### Exercise data
◇ ◇ ◇ ◇ ◇ ◇ ◇

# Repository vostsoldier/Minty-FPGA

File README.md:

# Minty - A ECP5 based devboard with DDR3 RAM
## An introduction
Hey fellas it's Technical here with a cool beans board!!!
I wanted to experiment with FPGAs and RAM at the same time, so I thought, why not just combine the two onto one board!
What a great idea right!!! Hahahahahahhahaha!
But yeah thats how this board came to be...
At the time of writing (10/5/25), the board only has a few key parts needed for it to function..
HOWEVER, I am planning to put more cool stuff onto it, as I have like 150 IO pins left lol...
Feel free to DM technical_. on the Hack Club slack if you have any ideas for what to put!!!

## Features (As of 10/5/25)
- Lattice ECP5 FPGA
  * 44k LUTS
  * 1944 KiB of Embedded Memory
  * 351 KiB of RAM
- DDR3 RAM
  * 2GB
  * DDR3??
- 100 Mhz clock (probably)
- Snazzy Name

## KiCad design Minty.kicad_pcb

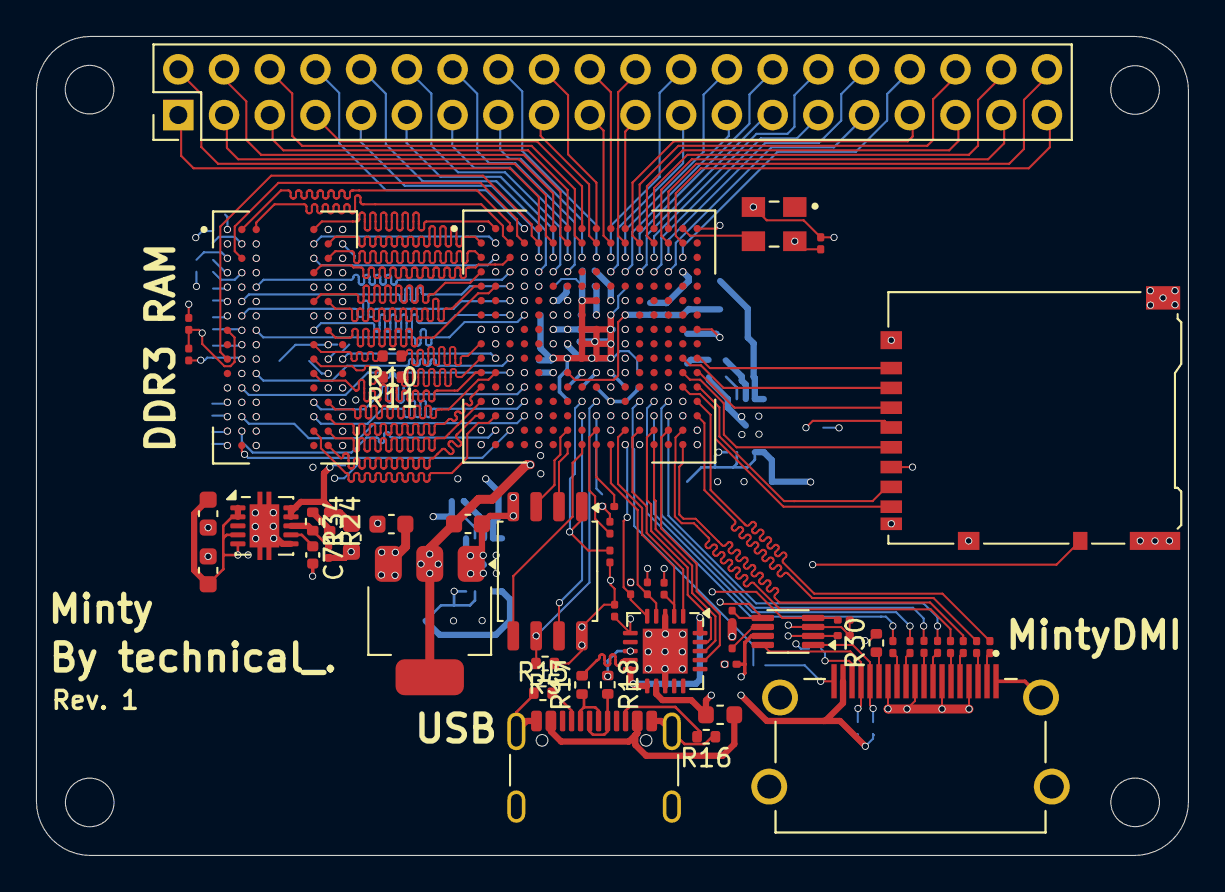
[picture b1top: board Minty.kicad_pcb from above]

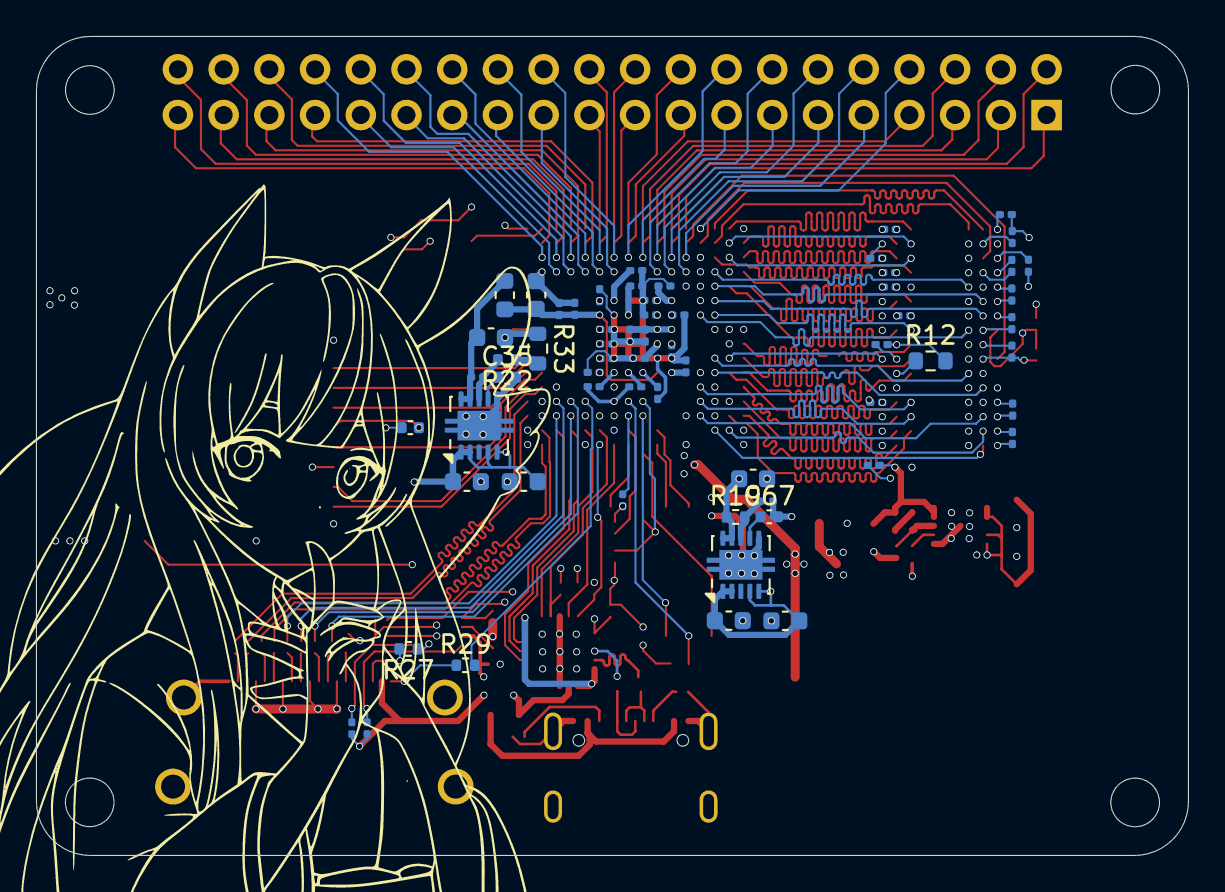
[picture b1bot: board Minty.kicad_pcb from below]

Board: 6 copper layers, 64.0 x 45.5 mm, 119 parts (62 on the bottom side), 165 nets.

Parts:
C4, C5, C6, C7, C8, C9, C11, C12, C14, C15, C17, C18, C20, C21, C23, C24, C26, C27, C29, C30, C32, C42, C45, C46, C47, C48, C49, C53, C55, C56, C57, C58, C59, C60, C61, C62, C63, C64, C72, C81, C82: 100n; C_0201_0603Metric
C10, C33, C38, C66, C70: 10u; C_0603_1608Metric
C34: 22u; C_0603_1608Metric
C35, C67, C71: 1n; C_0402_1005Metric
C36, C37, C39, C40, C68, C69: 1u; C_0603_1608Metric
C65: 10u; C_0402_1005Metric
C73, C74, C75, C76, C77, C78, C79, C80: 22n; C_0201_0603Metric
F1: Fuse; Fuse_0603_1608Metric
FB1: 120 | 100MHz; L_0603_1608Metric
H1, H2, H3, H4: MountingHole; MountingHole_2.7mm_M2.5
J1: USB_C_Receptacle_USB2.0_16P; USB_C_Receptacle_GCT_USB4105-xx-A_16P_TopMnt_Horizontal
J2: Micro_SD_Card_Det_Hirose_DM3AT; microSD_HC_Hirose_DM3AT-SF-PEJM5
J3: Conn_02x20_Counter_Clockwise; PinHeader_2x20_P2.54mm_Vertical
J4: HDMI_C_1.4; AMPHENOL_10029449-111RLF
R1, R2, R3, R4, R6, R7, R8, R9, R13, R14, R20, R21, R23, R25, R26, R28, R31, R32: 4k7; R_0201_0603Metric
R5: 1k; R_0402_1005Metric
R10, R11, R17, R18: 33; R_0402_1005Metric
R12, R33: 240; R_0603_1608Metric
R15, R16: 5k1; R_0402_1005Metric
R19, R22, R24, R34: 2k; R_0402_1005Metric
R27: 10k; R_0402_1005Metric
R29, R30: 470; R_0402_1005Metric
U1: LFE5U-45F-7BG256I; BGA256C80P16X16_1400X1400X170
U2: AMS1117-3.3; SOT-223-3_TabPin2
U3: TXS0102DCU; VSSOP-8_2.3x2mm_P0.5mm
U5: W25Q128JVS; SOIC-8_5.3x5.3mm_P1.27mm
U6: MT41J128M16JT-125_KTR; BGA96C80P6X16_800X1400X120
U8: FT231XQ; QFN-20-1EP_4x4mm_P0.5mm_EP2.5x2.5mm
U9, U10, U11: TPS74801DRC; VSON-10-1EP_3x3mm_P0.5mm_EP1.65x2.4mm_ThermalVias
Y1: ECS-3225MVQ-1000-CN-TR; OSC_ECS-3225MVQ-1000-CN-TR

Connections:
+1.1V: C4.1, C5.1, C6.1, C7.1, C8.1, C9.1, C66.1, R19.1, U1.G6 (VCC), U1.G7 (VCC__1), U1.G9 (VCC__2), U1.L8 (VCC__3), U1.L9 (VCC__4), U1.L10 (VCC__5), U9.9 (OUT), U9.10 (OUT)
+1.5V: C42.1, C45.1, C46.1, C47.1, C48.1, C49.1, C53.1, C55.1, C56.1, C57.1, C58.1, C59.1, C60.1, C61.1, C62.1, C63.1, C64.1, C70.1, R13.1, R24.1, U6.A1 (VDDQ), U6.A8 (VDDQ__1), U6.B2 (VDD), U6.C1 (VDDQ__2), U6.C9 (VDDQ__3), U6.D2 (VDDQ__4), U6.D9 (VDD__1), U6.E9 (VDDQ__5), U6.F1 (VDDQ__6), U6.G7 (VDD__2), U6.H2 (VDDQ__7), U6.H9 (VDDQ__8), U6.K2 (VDD__3), U6.K8 (VDD__4), U6.N1 (VDD__5), U6.N9 (VDD__6), U6.R1 (VDD__7), U6.R9 (VDD__8), U11.9 (OUT), U11.10 (OUT)
+2.5V: C38.1, FB1.1, R21.2, U10.9 (OUT), U10.10 (OUT)
+3.3V: C14.1, C15.1, C17.1, C18.1, C20.1, C21.1, C23.1, C24.1, C26.1, C27.1, C29.1, C30.1, C32.1, C34.1, C65.2, C72.1, C81.1, J2.4 (VDD), R1.1, R2.1, R3.1, R5.1, R6.1, R7.1, R8.1, R9.1, R25.1, R26.1, R28.1, U1.F6 (VCCIO0), U1.F7 (VCCIO0__1), U1.F10 (VCCIO1), U1.F11 (VCCIO1__1), U1.H6 (VCCIO7), U1.H7 (VCCIO7__1), U1.H11 (VCCIO2), U1.J6 (VCCIO6), U1.J7 (VCCIO6__1), U1.J11 (VCCIO2__1), U1.K11 (VCCIO3), U1.L6 (VCCIO8), U1.L11 (VCCIO3__1), U2.2 (VO), U3.3 (VCCA), U5.8 (VCC), Y1.4 (VDD)
+5V: C33.1, C36.1, C37.2, C39.2, C40.1, C68.2, C69.1, C82.1, F1.2, J4.18 (+5V), R31.1, R32.1, U2.3 (VI), U3.7 (VCCB), U8.12 (VCC), U9.1 (IN), U9.2 (IN), U9.4 (BIAS), U9.5 (EN), U10.1 (IN), U10.2 (IN), U10.4 (BIAS), U10.5 (EN), U11.1 (IN), U11.2 (IN), U11.4 (BIAS), U11.5 (EN)
/A0: U1.M3 (PL41D), U6.N3 (A0)
/A1: U1.N4 (PL59A), U6.P7 (A1)
/A2: U1.P3 (PL59B), U6.P3 (A2)
/A3: U1.N3 (PL44D), U6.N2 (A3)
/A4: U1.M1 (PL35C), U6.P8 (A4)
/A5: U1.P4 (PL62A), U6.P2 (A5)
/A6: U1.N1 (PL41A), U6.R8 (A6)
/A7: U1.R2 (PL59C), U6.R2 (A7)
/A8: U1.P1 (PL44A), U6.T8 (A8)
/A9: U1.R1 (PL44B), U6.R3 (A9)
/A10: U1.L1 (PL35A), U6.L7 (A10/AP)
/A11: U1.P2 (PL41B), U6.R7 (A11)
/A12: U1.M4 (PL44C), U6.N7 (A12/~BC)
/A13: U1.P5 (PL68D), U6.T3 (A13)
/BA0: U1.L3 (PL41C), U6.M2 (BA0)
/BA1: U1.L2 (PL35B), U6.N8 (BA1)
/BA2: U1.L4 (PL38C), U6.M3 (BA2)
/CAS: U1.H3 (PL23D), U6.K3 (~CAS)
/CK+: R10.2, U6.J7 (CK)
/CK-: R11.2, U6.K7 (~CK)
/CKE: U1.K2 (PL32D), U6.K9 (CKE)
/CS: U1.J2 (PL32B), U6.L2 (~CS)
/DQ0: U1.D3 (PL11D), U6.E3 (DQ0)
/DQ1: U1.D1 (PL17A), U6.F7 (DQ1)
/DQ2: U1.E3 (PL14C), U6.F2 (DQ2)
/DQ3: U1.E1 (PL20D), U6.F8 (DQ3)
/DQ4: U1.G4 (PL20B), U6.H3 (DQ4)
/DQ5: U1.E2 (PL17B), U6.H8 (DQ5)
/DQ6: U1.F3 (PL14D), U6.G2 (DQ6)
/DQ7: U1.G3 (PL23C), U6.H7 (DQ7)
/DQ8: U1.C3 (PL11C), U6.D7 (DQ8)
/DQ9: U1.C4 (PT11A), U6.C3 (DQ9)
/DQ10: U1.C1 (PL14A), U6.C8 (DQ10)
/DQ11: U1.B4 (PT11B), U6.C2 (DQ11)
/DQ12: U1.A2 (PT4A), U6.A7 (DQ12)
/DQ13: U1.A3 (PT6A), U6.A2 (DQ13)
/DQ14: U1.B1 (PL11A), U6.B8 (DQ14)
/DQ15: U1.B3 (PT4B), U6.A3 (DQ15)
/Filtered 2.5V: C10.1, C11.1, C12.1, FB1.2, U1.G11 (VCCAUX), U1.L7 (VCCAUX__1)
/Flash_CLK: R5.2, U1.N9 (CCLK), U5.6 (CLK)
/Flash_CS: R7.2, U1.N8 (PB15A), U5.1 (~CS)
/Flash_MISO: U1.T7 (PB11A), U5.2 (DO/IO_{1})
/Flash_MOSI: U1.T8 (PB11B), U5.5 (DI/IO_{0})
/Flash_RESET: U1.P8 (PB13B), U5.7 (~HOLD/~RESET/IO_{3})
/Flash_WP: U1.R7 (PB6A), U5.3 (~WP/IO_{2})
/HDMI_CEC: R30.2, U1.R16 (PR44B)
/HDMI_CLK+: C79.2, U1.P13 (PR62A)
/HDMI_CLK-: C80.2, U1.N13 (PR59A)
/HDMI_D0+: C77.2, U1.P14 (PR59B)
/HDMI_D0-: C78.2, U1.N14 (PR44D)
/HDMI_D1+: C75.2, U1.T15 (PR59D)
/HDMI_D1-: C76.2, U1.R15 (PR59C)
/HDMI_D2+: C73.2, U1.N16 (PR41A)
/HDMI_D2-: C74.2, U1.P16 (PR44A)
/HDMI_HPD: R29.2, U1.N12 (PR65D)
/HDMI_SCL_3V3: R25.2, U1.P11 (PR68C), U3.5 (A1)
/HDMI_SCL_5V: J4.15 (SCL), R31.2, U3.1 (B2)
/HDMI_SDA_3V3: R26.2, U1.P12 (PR68D), U3.4 (A2)
/HDMI_SDA_5V: J4.16 (SDA), R32.2, U3.8 (B1)
/HDMI_UTIL: R27.1, U1.P15 (PR41B)
/Header_1: J3.1, U1.A5 (PT18A)
/Header_2: J3.2, U1.B6 (PT31B)
/Header_3: J3.3, U1.A6 (PT18B)
/Header_4: J3.4, U1.B7 (PT36B)
/Header_5: J3.5, U1.A7 (PT38A)
/Header_6: J3.6, U1.B8 (PT44B)
/Header_7: J3.7, U1.A8 (PT38B)
/Header_8: J3.8, U1.A4 (PT6B)
/Header_9: J3.9, U1.C5 (PT15A)
/Header_10: J3.10, U1.D5 (PT13B)
/Header_11: J3.11, U1.C6 (PT31A)
/Header_12: J3.12, U1.D6 (PT20B)
/Header_13: J3.13, U1.C7 (PT36A)
/Header_14: J3.14, U1.D7 (PT33B)
/Header_15: J3.15, U1.C8 (PT44A)
/Header_16: J3.16, U1.C9 (PT47B)
/Header_17: J3.17, U1.B9 (PT47A)
/Header_18: J3.18, U1.A9 (PT51A)
/Header_19: J3.19, U1.B10 (PT53A)
/Header_20: J3.20, U1.A10 (PT51B)
/Header_21: J3.21, U1.A11 (PT71A)
/Header_22: J3.22, U1.B11 (PT58A)
/Header_23: J3.23, U1.D10 (PT56A)
/Header_24: J3.24, U1.C10 (PT53B)
/Header_25: J3.25, U1.D11 (PT69A)
/Header_26: J3.26, U1.C11 (PT58B)
/Header_27: J3.27, U1.D12 (PT76A)
/Header_28: J3.28, U1.C12 (PT74B)
/Header_29: J3.29, U1.D13 (PT80A)
/Header_30: J3.30, U1.C13 (PT78B)
/Header_31: J3.31, U1.D14 (PR11D)
/Header_32: J3.32, U1.C14 (PR11C)
/Header_33: J3.33, U1.B12 (PT74A)
/Header_34: J3.34, U1.C15 (PR14B)
/Header_35: J3.35, U1.B13 (PT78A)
/Header_36: J3.36, U1.A12 (PT71B)
/Header_37: J3.37, U1.B14 (PT85A)
/Header_38: J3.38, U1.A13 (PT83A)
/Header_39: J3.39, U1.B15 (PR11B)
/Header_40: J3.40, U1.A14 (PT83B)
/LDM: U1.E5 (PT13A), U6.E7 (LDM)
/LDQS+: U1.E4 (PT9A), U6.F3 (LDQS)
/LDQS-: U1.F4 (PL17C), U6.G3 (~LDQS)
/ODT: U1.B5 (PT15B), U6.K1 (ODT)
/OSC OUT: U1.A15 (PT85B), Y1.3 (OUTPUT)
/PROGRAM: R6.2, U1.R9 (~PROGRAM)
/RAS: U1.H2 (PL29B), U6.J3 (~RAS)
/RESET: U1.R3 (PL62B), U6.T2 (~RESET)
/SD_CLK: J2.5 (CLK), U1.L15 (PR35B)
/SD_CMD: J2.3 (CMD), U1.L16 (PR35A)
/SD_DAT0: J2.7 (DAT0), U1.M16 (PR35C)
/SD_DAT1: J2.8 (DAT1), U1.M15 (PR35D)
/SD_DAT2: J2.1 (DAT2), U1.K16 (PR32C)
/SD_DAT3: J2.2 (DAT3/CD), U1.K15 (PR32D)
/SD_DET: J2.10 (DET_A), U1.M14 (PR41D)
/TCK: R4.1, U1.T10 (TCK), U8.4 (~DSR)
/TDI: R2.2, U1.R11 (TDI), U8.2 (~RI)
/TDO: R3.2, U1.M10 (TDO), U8.6 (~CTS)
/TMS: R1.2, U1.T11 (TMS), U8.5 (~DCD)
/UDM: U1.D4 (PT9B), U6.D3 (UDM)
/UDQS+: U1.C2 (PL14B), U6.C7 (UDQS)
/UDQS-: U1.B2 (PL11B), U6.B7 (~UDQS)
/USB_DTR: U1.T13 (PR65B), U8.18 (~DTR)
/USB_RTS: U1.R13 (PR62C), U8.19 (~RTS)
/USB_RX: U1.R12 (PR65A), U8.1 (RXD)
/USB_TX: U1.R14 (PR62B), U8.17 (TXD)
/WE: U1.K3 (PL29D), U6.L3 (~WE)
GND: C4.2, C5.2, C6.2, C7.2, C8.2, C9.2, C10.2, C11.2, C12.2, C14.2, C15.2, C17.2, C18.2, C20.2, C21.2, C23.2, C24.2, C26.2, C27.2, C29.2, C30.2, C32.2, C33.2, C34.2, C35.2, C36.2, C37.1, C38.2, C39.1, C40.2, C42.2, C45.2, C46.2, C47.2, C48.2, C49.2, C53.2, C55.2, C56.2, C57.2, C58.2, C59.2, C60.2, C61.2, C62.2, C63.2, C64.2, C65.1, C66.2, C67.2, C68.1, C69.2, C70.2, C71.2, C72.2, C81.2, C82.2, J1.A1 (GND), J1.B1 (GND), J1.S1 (SHIELD), J2.6 (VSS), J2.9 (DET_B), J2.11 (SHIELD), J4.1 (D2S), J4.4 (D1S), J4.7 (D0S), J4.10 (CKS), J4.13 (GND), R4.2, R12.2, R14.2, R15.1, R16.1, R20.2, R23.2, R33.1, U1.A1 (GND1), U1.A16 (GND1__1), U1.D2 (GND1__2), U1.D15 (GND1__3), U1.F8 (GND1__4), U1.F9 (GND1__5), U1.G8 (GND1__6), U1.G10 (GND1__7), U1.H1 (GND1__8), U1.H8 (GND1__9), U1.H9 (GND1__10), U1.H10 (GND1__11), U1.H16 (GND1__12), U1.J8 (GND2), U1.J9 (GND2__1), U1.J10 (GND2__2), U1.K6 (GND2__3), U1.K7 (GND2__4), U1.K8 (GND2__5), U1.K9 (GND2__6), U1.K10 (GND2__7), U1.N2 (GND2__8), U1.N10 (CFG_0), U1.N15 (GND2__9), U1.P10 (CFG_1), U1.R10 (CFG_2), U1.T1 (GND2__10), U1.T5 (GND2__11), U1.T12 (GND2__12), U1.T16 (GND2__13), U2.1 (GND), U3.2 (GND), U5.4 (GND), U6.A9 (VSS), U6.B1 (VSSQ), U6.B3 (VSS__1), U6.B9 (VSSQ__1), U6.D1 (VSSQ__2), U6.D8 (VSSQ__3), U6.E1 (VSS__2), U6.E2 (VSSQ__4), U6.E8 (VSSQ__5), U6.F9 (VSSQ__6), U6.G1 (VSSQ__7), U6.G8 (VSS__3), U6.G9 (VSSQ__8), U6.J2 (VSS__4), U6.J8 (VSS__5), U6.M1 (VSS__6), U6.M9 (VSS__7), U6.P1 (VSS__8), U6.P9 (VSS__9), U6.T1 (VSS__10), U6.T9 (VSS__11), U8.3 (GND), U8.13 (GND), U8.21 (GND), U9.6 (GND), U9.11 (GND), U10.6 (GND), U10.11 (GND), U11.6 (GND), U11.11 (GND), Y1.2 (GND)
unnamed: F1.1, J1.A4 (VBUS), J1.B4 (VBUS)
unnamed: J1.A5 (CC1), R15.2
unnamed: J1.B5 (CC2), R16.2
unnamed: J1.A6 (D+), J1.B6 (D+), R18.2
unnamed: J1.A7 (D-), J1.B7 (D-), R17.1
unnamed: J4.14 (CEC), R30.1
unnamed: C79.1, J4.11 (CK+)
unnamed: C80.1, J4.12 (CK-)
unnamed: C77.1, J4.8 (D0+)
unnamed: C78.1, J4.9 (D0-)
unnamed: C75.1, J4.5 (D1+)
unnamed: C76.1, J4.6 (D1-)
unnamed: C73.1, J4.2 (D2+)
unnamed: C74.1, J4.3 (D2-)
unnamed: J4.19 (HPD/HEAC-), R29.1
unnamed: J4.17 (UTILITY/HEAC+), R27.2
unnamed: R22.1, R33.2
unnamed: R24.2, R34.1
unnamed: R10.1, U1.J1 (PL32A)
unnamed: R11.1, U1.K1 (PL32C)
unnamed: R8.2, U1.P9 (DONE)
unnamed: R9.2, U1.T9 (~INIT)
unnamed: R28.2, U3.6 (OE)
unnamed: R13.2, R14.1, U6.H1 (VREFDQ), U6.M8 (VREFCA)
unnamed: R12.1, U6.L8 (ZQ)
unnamed: R17.2, R18.1, U8.8 (USBDP), U8.9 (USBDM), U8.10 (3V3OUT), U8.11 (~RESET), U8.20 (VCCIO)
unnamed: R19.2, R20.1, U9.8 (FB)
unnamed: C67.1, U9.7 (SS)
unnamed: R21.1, R22.2, U10.8 (FB)
unnamed: C35.1, U10.7 (SS)
unnamed: R23.1, R34.2, U11.8 (FB)
unnamed: C71.1, U11.7 (SS)

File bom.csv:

Id,Designator,Footprint,Quantity,Designation,LCSC #,Price/unit,Total Price
1,"C35, C67, C71",0402_1005,3,1n,C1523,0.0011,1.5033
2,"C73, C74, C75, C76, C77, C78, C79, C80",0201_0603,8,22n,C161473,0.0076,1.5608
3,"C4, C5, C6, C7, C8, C9, C11, C12, C14, C15, C17, C18, C20, C21, C23, C24, C26, C27, C29, C30, C32, C42, C45, C46, C47, C48, C49, C53, C54, C55, C56, C57, C58, C59, C60, C61, C62, C63, C64, C72, C81, C82",0201_0603,41,100n,C49062,0.0013,1.5533
4,"C36, C37, C39, C40, C68, C69",0603_1608,6,1u,C15849,0.0047,1.5282
5,C65,0402_1005,1,10u,C15525,0.005,1.505
6,"C10, C33, C38, C66, C70",0603_1608,5,10u,C19702,0.0056,1.528
7,C34,0603_1608,1,22u,C59461,0.0086,1.5086
8,"R10, R11, R17, R18",0402_1005,4,33,C25105,0.0006,1.5024
9,"R12, R33",0603_1608,2,240,C23350,0.0007,1.5014
10,"R29, R30",0402_1005,2,470,C17710,0.0018,1.5036
11,R5,0402_1005,1,1k,C11702,0.0005,1.5005
12,"R19, R22, R24, R34, ",0402_1005,4,2k,C4109,0.0005,1.502
13,"R1, R2, R3, R4, R6, R7, R8, R9, R13, R14, R20, R21, R23, R25, R26, R28, R31, R32",0201_0603,18,4k7,C138135,0.0008,1.5144
14,"R15, R16",0402_1005,2,5k1,C11702,0.0005,1.501
15,R27,0402_1005,1,10k,C25744,0.0005,1.5005
16,FB1,0603_1608,1,120 | 100MHz,C14709,0.0064,1.5064
17,F1,0603_1608,1,Fuse,C210357,0.0347,1.5347
18,"U9, U10, U11",VSON-10-1EP_3x3mm_P0.5mm_EP1.65x2.4mm_ThermalVias,3,TPS74801DRC,C105263,0.2225,2.1675
19,U2,SOT-223-3_TabPin2,1,AMS1117-3.3,C6186,0.1622,1.6622
20,U5,SOIC-8_5.3x5.3mm_P1.27mm,1,W25Q128JVS,C97521,1.0605,2.5605
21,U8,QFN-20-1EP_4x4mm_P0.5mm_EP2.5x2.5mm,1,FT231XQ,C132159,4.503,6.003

◇ ◇ ◇ ◇ ◇ ◇ ◇

### Problem description
Determine how many lines in the data include the word "UDQS". Answer with that number alone.

### Completed exercise
2